We caught up with Dr. Lukas Kalinke who is leading the Electrocautery Ablation for the pRevention of Lung Cancer (EARL) Trial to hear how work on the trial has progressed over the past eighteen months. The trial investigates whether squamous cell lung cancer (SQCC) can be prevented with early treatment of pre-cancerous lesions.

 

Dr. Kalinke told us that unfortunately, the pandemic occurred just after UCLH opened its doors to treating airway pre-cancerous lesions through the EARL trial. COVID related trials understandably took precedence. This meant that several patients with pre-cancerous lesions who were eligible for the trial were not able to enter and therefore, unfortunately some of these patients’ disease has since progressed to cancer. Once Dr. Kalinke and his team were given the green light to open again they successfully treated their first patient who has since had a complete response to the electrocautery treatment. Two other patients have also entered the trial – one has been treated and the other is in the surveillance arm (non-treatment) of the trial.

 

Dr. Kalinke and his colleagues have opened trial sites at Papworth hospital (led by Dr Robert Rintoul); the Royal Brompton, (led by Professor Palav Shah), Glasgow (led by Dr Joris Van Der Horst) and Nottingham (led Dr Emma O’Dowd). He anticipates other pending trial sites such as Oxford (led by Dr Alistair Moore) and Rouen (led by Professor Thiberville) to follow suit in the coming months. 

 

Dr. Kalinke told us that a problem for many trials during Covid-19 has been patient recruitment. His team have now sent out over 60 sputum pots to patients who received curative treatment to head and neck cancer at UCLH as they recognise that such patients are at risk of having precancerous lesions in their airway.
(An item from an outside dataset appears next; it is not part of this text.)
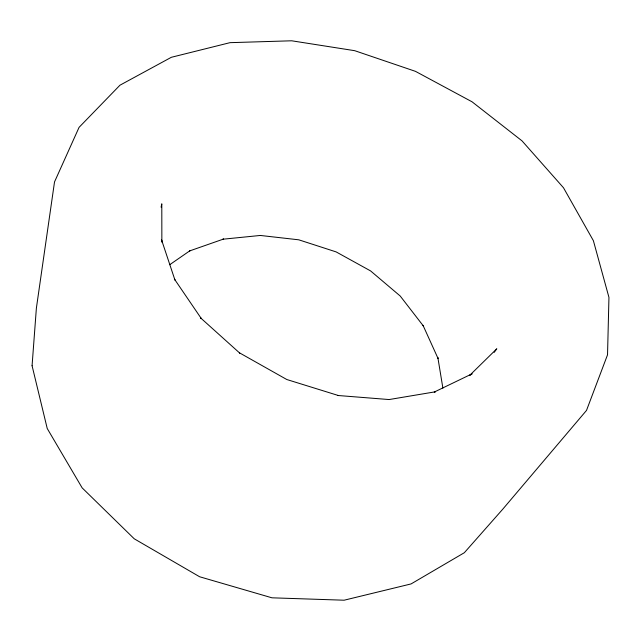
<?xml version="1.0" encoding="UTF-8"?>
<svg xmlns="http://www.w3.org/2000/svg" width="641" height="641" viewBox="0 0 641 641"><rect width="100%" height="100%" fill="white"/><g stroke="black" fill="none" stroke-linecap="round" stroke-linejoin="round"><path stroke-width="0.96" d="M161.091 207.179L161.796 203.822L161.861 242.162M494.187 352.366L496.807 348.784L469.805 375.265L472.129 373.791L434.294 392.036L435.463 391.779L389.111 399.551L338.063 395.505L338.552 395.569L286.799 379.52L239.422 352.806L239.734 353.095L200.633 317.928L201.258 318.489L174.384 279.027L174.945 280.037L161.436 239.494L161.796 240.808M169.785 264.661L190.225 250.535L189.456 250.984L223.557 239.045L222.876 239.213L260.318 235.455L298.762 239.814L336.124 251.897L370.578 270.911L400.2 296.006L423.332 325.932L423.02 325.332L438.027 358.431L437.859 357.59L442.891 388.134M32.074 365.731L47.234 428.517L82.144 487.865L134.241 538.801L199.615 576.756L271.968 597.813L344.113 600.208L411.073 583.927L464.34 552.71L502.832 509.106L586.507 410.416L607.532 354.818L608.95 297.4L593.39 240.695L563.487 187.757L522.03 140.876L472.056 101.807L415.472 71.351L354.705 50.687L291.679 40.792L229.991 42.667L171.347 57.289L119.955 85.205L79.067 127.359L54.517 181.932L36.377 308.169L32.074 365.731"/></g></svg>

They are able to detect abnormal cells that slough off the airway in patient’s sputum, and they are currently awaiting the results of the last of these pots. They have already received several sputum pots back that have been analysed by their pathologists that have shown atypical sputum and Dr. Kalinke and his team will be inviting those patients to have a bronchoscopy to screen for pre-cancerous lesions using their autofluorescence camera.